## What to do
From the listing below, output only the lines starting at the line that has "#20=DIRECTION('',(-1.,0.,0.));" and ending at the line that has "#55=ORIENTED_EDGE('',*,*,#54,.T.);", exactly as they appear, ends included.

## Recorded data
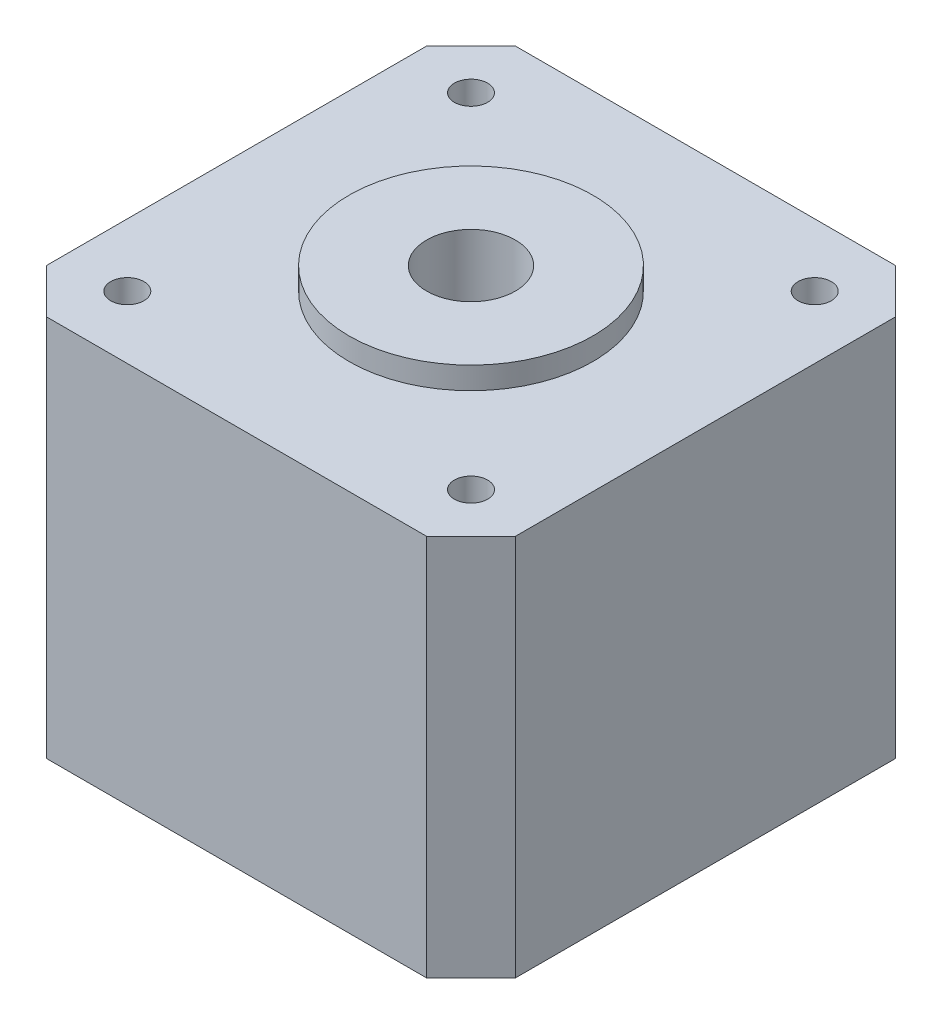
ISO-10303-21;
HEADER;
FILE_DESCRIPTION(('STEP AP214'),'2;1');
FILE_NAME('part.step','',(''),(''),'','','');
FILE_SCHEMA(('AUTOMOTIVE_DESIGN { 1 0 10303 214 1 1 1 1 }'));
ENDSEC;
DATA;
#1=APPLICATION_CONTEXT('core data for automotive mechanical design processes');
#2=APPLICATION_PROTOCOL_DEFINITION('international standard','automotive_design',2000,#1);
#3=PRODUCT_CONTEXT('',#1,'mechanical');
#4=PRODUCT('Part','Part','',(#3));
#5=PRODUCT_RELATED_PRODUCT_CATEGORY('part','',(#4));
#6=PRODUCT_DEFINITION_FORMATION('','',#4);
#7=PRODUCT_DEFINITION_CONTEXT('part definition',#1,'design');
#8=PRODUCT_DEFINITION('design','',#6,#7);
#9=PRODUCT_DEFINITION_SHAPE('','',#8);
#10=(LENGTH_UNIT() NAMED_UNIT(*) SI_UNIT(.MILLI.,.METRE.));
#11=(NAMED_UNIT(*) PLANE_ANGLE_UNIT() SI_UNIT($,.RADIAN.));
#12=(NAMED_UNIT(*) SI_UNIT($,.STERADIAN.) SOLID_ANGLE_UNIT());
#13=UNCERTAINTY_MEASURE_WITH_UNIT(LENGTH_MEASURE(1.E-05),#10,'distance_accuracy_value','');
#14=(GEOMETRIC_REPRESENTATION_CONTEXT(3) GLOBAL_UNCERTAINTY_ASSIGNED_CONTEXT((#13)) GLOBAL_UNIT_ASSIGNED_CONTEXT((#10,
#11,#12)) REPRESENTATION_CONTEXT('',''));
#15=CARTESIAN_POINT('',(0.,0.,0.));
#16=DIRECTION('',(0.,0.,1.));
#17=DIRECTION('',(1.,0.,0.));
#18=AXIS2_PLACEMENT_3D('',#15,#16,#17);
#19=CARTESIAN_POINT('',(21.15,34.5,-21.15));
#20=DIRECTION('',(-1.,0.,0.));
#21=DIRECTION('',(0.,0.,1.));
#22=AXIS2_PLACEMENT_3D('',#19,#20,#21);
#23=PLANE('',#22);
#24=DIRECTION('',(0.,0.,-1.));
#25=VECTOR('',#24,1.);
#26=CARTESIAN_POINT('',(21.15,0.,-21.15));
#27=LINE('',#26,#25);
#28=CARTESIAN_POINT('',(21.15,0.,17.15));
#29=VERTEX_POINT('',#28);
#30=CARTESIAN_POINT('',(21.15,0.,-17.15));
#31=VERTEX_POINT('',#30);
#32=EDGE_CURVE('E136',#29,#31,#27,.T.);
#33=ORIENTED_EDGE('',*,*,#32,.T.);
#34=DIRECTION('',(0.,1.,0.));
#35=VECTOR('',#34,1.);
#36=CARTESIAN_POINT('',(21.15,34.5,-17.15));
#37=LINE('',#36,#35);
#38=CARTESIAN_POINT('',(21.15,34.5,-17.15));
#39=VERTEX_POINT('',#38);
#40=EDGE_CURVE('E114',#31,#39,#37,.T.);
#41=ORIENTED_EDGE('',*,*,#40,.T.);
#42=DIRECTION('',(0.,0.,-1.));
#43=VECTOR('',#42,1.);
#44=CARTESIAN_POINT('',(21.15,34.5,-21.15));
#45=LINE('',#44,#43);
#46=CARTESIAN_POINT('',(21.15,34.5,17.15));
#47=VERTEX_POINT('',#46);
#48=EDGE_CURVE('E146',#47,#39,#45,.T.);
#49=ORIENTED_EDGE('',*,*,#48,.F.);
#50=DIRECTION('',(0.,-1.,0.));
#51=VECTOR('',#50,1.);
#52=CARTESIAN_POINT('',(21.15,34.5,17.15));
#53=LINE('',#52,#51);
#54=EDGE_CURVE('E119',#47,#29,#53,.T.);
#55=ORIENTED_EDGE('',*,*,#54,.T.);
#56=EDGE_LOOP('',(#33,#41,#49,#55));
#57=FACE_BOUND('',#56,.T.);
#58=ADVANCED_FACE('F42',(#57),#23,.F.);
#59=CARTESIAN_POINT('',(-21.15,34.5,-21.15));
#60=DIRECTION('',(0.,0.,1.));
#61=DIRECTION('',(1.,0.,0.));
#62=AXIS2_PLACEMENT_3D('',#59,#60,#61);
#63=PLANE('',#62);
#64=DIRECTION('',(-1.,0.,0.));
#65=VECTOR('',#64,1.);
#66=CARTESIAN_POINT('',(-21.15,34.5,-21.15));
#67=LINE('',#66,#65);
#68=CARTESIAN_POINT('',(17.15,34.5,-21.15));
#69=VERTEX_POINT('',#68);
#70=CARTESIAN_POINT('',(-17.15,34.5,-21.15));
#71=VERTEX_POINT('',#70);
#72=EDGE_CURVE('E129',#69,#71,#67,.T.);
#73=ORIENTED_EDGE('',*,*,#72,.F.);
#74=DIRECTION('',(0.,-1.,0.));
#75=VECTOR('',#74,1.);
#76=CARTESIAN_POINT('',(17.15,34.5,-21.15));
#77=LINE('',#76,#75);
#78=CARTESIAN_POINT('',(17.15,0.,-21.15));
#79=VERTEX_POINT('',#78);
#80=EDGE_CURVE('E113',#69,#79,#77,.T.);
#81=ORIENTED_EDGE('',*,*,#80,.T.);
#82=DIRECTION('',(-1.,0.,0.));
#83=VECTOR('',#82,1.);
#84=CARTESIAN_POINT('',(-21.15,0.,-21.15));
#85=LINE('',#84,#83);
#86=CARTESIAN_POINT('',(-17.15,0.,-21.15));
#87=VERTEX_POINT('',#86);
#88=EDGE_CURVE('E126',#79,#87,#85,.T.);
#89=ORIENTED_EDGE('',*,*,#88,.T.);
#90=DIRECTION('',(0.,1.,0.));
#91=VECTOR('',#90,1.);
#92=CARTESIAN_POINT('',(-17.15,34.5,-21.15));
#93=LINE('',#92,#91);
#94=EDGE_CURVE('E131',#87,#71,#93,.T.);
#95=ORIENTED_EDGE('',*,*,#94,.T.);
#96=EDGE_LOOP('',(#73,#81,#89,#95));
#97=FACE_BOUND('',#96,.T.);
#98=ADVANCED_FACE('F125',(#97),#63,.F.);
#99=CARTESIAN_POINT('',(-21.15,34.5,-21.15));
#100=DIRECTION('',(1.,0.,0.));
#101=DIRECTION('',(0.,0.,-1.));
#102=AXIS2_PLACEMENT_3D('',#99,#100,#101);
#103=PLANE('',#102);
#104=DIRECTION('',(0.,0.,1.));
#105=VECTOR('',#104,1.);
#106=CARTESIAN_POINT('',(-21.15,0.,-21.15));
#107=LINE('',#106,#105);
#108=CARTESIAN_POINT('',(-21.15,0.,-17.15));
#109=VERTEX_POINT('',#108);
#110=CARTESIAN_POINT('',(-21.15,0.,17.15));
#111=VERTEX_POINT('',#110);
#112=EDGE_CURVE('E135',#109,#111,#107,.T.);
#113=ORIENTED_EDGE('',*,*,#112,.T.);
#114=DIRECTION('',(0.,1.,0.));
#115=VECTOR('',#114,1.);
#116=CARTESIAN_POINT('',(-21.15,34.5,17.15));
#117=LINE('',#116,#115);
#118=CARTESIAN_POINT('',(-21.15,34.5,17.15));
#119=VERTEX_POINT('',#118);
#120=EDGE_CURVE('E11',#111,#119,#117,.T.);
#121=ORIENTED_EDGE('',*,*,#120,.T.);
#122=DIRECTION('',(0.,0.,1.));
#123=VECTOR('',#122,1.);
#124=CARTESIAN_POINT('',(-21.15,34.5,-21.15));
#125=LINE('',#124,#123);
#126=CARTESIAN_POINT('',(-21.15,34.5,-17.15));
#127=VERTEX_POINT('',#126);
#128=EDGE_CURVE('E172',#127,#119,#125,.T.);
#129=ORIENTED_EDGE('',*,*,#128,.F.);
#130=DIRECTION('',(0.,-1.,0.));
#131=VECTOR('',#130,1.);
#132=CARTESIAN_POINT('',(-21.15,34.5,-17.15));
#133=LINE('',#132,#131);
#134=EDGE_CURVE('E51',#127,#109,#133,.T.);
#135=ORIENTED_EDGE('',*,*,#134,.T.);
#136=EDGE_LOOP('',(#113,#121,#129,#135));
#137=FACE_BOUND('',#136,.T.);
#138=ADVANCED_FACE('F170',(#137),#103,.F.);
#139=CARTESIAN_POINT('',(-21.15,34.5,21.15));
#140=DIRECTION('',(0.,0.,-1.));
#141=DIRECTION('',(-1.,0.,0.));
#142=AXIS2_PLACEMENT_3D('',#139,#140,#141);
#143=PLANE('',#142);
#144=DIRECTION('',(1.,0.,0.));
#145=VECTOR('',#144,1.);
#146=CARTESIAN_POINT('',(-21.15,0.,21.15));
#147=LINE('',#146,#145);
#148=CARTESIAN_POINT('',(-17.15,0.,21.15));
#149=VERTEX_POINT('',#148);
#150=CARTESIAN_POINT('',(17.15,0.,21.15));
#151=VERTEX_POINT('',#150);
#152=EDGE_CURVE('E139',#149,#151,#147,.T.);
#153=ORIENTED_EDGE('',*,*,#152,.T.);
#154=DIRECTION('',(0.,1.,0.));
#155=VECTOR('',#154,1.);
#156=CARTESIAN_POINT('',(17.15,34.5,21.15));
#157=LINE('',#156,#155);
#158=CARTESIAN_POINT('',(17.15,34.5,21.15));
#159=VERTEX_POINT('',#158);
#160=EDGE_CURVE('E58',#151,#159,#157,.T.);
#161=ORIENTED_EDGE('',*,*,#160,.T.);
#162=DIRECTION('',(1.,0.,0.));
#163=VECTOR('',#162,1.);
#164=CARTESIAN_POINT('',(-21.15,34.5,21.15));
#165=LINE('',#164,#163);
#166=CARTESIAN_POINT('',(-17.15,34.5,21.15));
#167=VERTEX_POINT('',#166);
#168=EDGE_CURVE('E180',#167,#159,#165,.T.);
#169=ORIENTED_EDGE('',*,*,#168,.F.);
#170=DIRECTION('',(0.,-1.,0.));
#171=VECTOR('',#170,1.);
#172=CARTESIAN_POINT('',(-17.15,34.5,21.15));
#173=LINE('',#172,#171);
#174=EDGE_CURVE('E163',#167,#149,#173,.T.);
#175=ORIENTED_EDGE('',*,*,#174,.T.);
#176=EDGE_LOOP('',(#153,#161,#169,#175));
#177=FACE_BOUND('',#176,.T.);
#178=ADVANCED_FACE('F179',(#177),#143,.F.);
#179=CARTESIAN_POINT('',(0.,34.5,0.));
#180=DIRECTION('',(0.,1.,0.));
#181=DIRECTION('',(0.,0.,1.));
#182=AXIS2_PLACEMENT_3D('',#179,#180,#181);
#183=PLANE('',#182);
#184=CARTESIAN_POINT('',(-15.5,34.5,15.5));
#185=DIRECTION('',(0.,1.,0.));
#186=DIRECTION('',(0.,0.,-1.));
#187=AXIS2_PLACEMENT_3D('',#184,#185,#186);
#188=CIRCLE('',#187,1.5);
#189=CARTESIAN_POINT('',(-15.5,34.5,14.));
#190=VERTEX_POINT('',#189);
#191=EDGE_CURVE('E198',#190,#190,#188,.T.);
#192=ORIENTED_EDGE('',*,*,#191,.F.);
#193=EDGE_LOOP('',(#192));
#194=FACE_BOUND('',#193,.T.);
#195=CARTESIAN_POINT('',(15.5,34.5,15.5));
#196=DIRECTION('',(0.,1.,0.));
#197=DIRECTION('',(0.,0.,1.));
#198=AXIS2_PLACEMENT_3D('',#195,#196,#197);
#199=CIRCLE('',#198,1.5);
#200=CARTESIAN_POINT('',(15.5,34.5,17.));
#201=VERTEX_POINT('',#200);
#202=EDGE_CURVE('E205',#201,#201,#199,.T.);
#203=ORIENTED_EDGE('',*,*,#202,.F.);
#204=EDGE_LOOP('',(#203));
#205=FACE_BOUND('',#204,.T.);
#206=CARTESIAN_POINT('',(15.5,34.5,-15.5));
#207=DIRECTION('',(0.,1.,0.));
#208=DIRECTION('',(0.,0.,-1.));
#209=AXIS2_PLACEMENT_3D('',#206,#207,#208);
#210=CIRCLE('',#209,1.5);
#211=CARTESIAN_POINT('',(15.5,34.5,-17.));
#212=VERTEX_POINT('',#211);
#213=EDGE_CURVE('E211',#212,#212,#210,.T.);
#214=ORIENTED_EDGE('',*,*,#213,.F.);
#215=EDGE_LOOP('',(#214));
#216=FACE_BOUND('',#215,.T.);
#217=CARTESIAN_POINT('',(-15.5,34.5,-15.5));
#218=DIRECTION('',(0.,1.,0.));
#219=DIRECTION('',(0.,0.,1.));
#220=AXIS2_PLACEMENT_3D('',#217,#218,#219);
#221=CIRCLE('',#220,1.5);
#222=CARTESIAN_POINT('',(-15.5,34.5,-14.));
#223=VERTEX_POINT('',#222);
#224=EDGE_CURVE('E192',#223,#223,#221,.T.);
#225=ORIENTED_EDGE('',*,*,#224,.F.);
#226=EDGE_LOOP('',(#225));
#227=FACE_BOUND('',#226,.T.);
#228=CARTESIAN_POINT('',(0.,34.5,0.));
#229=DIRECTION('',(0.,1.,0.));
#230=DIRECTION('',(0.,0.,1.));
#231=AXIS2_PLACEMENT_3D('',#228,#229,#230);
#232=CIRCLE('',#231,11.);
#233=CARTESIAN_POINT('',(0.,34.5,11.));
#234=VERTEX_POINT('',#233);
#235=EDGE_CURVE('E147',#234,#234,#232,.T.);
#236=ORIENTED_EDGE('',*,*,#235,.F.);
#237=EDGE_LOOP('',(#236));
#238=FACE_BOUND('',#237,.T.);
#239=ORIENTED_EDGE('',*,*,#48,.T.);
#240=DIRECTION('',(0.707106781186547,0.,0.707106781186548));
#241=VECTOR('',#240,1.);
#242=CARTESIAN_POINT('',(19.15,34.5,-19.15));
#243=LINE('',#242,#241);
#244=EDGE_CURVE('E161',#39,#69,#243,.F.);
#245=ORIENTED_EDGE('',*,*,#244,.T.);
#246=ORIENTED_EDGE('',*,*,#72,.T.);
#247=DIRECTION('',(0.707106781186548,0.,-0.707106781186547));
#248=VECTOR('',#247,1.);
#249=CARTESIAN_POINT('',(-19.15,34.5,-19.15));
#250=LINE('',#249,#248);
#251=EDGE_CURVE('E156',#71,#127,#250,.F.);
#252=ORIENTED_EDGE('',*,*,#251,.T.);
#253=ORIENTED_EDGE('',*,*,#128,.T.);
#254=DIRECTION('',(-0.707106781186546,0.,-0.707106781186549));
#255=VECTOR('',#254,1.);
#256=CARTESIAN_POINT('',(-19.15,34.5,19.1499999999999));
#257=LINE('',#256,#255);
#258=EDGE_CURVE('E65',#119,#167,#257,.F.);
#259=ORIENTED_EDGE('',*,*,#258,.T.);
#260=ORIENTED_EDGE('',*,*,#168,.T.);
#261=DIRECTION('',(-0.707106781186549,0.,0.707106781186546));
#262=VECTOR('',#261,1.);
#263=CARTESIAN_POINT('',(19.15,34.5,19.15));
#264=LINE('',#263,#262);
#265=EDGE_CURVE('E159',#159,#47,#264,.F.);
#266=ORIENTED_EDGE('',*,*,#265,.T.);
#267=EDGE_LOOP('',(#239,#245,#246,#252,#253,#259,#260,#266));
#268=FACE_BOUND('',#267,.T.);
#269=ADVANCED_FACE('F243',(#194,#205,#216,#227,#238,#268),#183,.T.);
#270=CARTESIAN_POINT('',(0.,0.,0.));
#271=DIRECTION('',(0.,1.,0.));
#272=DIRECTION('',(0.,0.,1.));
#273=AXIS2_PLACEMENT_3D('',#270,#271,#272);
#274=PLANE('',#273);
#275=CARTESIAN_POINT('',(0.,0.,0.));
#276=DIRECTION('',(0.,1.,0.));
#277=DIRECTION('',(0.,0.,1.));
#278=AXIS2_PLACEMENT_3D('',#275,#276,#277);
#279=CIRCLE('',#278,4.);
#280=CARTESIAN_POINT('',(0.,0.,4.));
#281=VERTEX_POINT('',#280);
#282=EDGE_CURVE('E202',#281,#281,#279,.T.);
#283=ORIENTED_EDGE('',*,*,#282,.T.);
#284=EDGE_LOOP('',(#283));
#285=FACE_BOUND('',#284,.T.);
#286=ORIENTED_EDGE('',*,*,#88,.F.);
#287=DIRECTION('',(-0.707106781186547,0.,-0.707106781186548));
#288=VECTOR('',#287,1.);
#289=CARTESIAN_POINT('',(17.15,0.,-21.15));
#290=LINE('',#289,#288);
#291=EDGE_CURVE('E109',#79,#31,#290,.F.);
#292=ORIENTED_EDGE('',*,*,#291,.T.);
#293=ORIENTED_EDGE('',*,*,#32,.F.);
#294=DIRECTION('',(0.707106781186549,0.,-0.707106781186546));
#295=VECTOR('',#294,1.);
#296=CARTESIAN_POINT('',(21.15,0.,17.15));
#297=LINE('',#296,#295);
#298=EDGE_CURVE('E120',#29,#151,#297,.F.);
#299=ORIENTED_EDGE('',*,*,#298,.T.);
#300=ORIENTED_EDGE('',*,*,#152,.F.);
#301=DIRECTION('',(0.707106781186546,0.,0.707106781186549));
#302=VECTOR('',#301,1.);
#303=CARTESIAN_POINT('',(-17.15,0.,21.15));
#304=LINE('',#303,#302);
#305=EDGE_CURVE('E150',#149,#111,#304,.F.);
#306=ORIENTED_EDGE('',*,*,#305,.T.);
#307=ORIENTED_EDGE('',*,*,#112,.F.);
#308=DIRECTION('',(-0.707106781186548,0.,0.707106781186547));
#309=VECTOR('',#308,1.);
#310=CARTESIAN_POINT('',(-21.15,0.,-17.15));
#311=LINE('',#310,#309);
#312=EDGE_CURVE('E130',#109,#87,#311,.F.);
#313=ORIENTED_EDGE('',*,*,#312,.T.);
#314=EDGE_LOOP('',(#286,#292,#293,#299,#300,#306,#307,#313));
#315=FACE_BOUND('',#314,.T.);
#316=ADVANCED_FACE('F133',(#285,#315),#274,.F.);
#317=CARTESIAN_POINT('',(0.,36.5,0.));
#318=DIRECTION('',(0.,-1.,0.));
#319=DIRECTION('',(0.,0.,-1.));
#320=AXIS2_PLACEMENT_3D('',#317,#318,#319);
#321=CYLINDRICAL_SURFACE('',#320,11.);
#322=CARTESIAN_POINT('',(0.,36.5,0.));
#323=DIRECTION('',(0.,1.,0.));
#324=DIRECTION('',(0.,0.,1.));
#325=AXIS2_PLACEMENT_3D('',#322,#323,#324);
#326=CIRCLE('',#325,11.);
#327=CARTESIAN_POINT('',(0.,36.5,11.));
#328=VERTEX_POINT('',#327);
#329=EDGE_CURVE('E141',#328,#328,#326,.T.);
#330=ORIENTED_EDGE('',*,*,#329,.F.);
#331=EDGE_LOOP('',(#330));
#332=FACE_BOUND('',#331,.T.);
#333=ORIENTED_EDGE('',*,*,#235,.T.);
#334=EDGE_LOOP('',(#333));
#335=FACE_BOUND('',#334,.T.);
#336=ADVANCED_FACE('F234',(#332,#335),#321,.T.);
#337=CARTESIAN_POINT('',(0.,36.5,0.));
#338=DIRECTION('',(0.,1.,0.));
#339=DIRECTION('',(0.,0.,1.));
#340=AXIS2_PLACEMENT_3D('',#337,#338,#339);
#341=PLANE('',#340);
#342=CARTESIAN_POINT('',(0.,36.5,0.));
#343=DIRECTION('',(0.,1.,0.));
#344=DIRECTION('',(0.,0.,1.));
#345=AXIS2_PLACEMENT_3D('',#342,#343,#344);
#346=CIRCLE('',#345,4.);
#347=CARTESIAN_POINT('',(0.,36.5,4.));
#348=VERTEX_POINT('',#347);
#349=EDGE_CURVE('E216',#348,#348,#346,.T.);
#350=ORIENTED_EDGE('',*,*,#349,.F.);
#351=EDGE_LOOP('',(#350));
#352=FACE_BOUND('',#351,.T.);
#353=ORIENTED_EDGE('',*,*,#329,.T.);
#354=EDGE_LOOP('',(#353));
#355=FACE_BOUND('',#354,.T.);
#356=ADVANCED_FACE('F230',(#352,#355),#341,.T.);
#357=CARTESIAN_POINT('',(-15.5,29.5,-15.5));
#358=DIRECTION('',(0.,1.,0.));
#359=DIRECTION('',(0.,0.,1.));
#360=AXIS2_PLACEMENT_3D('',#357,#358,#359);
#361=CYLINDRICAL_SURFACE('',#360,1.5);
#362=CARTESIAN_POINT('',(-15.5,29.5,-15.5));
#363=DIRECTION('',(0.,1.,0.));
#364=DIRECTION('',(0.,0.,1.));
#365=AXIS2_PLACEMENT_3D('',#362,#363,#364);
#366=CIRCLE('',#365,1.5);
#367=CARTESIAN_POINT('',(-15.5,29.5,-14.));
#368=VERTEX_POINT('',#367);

## Solution for this exercise
#20=DIRECTION('',(-1.,0.,0.));
#21=DIRECTION('',(0.,0.,1.));
#22=AXIS2_PLACEMENT_3D('',#19,#20,#21);
#23=PLANE('',#22);
#24=DIRECTION('',(0.,0.,-1.));
#25=VECTOR('',#24,1.);
#26=CARTESIAN_POINT('',(21.15,0.,-21.15));
#27=LINE('',#26,#25);
#28=CARTESIAN_POINT('',(21.15,0.,17.15));
#29=VERTEX_POINT('',#28);
#30=CARTESIAN_POINT('',(21.15,0.,-17.15));
#31=VERTEX_POINT('',#30);
#32=EDGE_CURVE('E136',#29,#31,#27,.T.);
#33=ORIENTED_EDGE('',*,*,#32,.T.);
#34=DIRECTION('',(0.,1.,0.));
#35=VECTOR('',#34,1.);
#36=CARTESIAN_POINT('',(21.15,34.5,-17.15));
#37=LINE('',#36,#35);
#38=CARTESIAN_POINT('',(21.15,34.5,-17.15));
#39=VERTEX_POINT('',#38);
#40=EDGE_CURVE('E114',#31,#39,#37,.T.);
#41=ORIENTED_EDGE('',*,*,#40,.T.);
#42=DIRECTION('',(0.,0.,-1.));
#43=VECTOR('',#42,1.);
#44=CARTESIAN_POINT('',(21.15,34.5,-21.15));
#45=LINE('',#44,#43);
#46=CARTESIAN_POINT('',(21.15,34.5,17.15));
#47=VERTEX_POINT('',#46);
#48=EDGE_CURVE('E146',#47,#39,#45,.T.);
#49=ORIENTED_EDGE('',*,*,#48,.F.);
#50=DIRECTION('',(0.,-1.,0.));
#51=VECTOR('',#50,1.);
#52=CARTESIAN_POINT('',(21.15,34.5,17.15));
#53=LINE('',#52,#51);
#54=EDGE_CURVE('E119',#47,#29,#53,.T.);
#55=ORIENTED_EDGE('',*,*,#54,.T.);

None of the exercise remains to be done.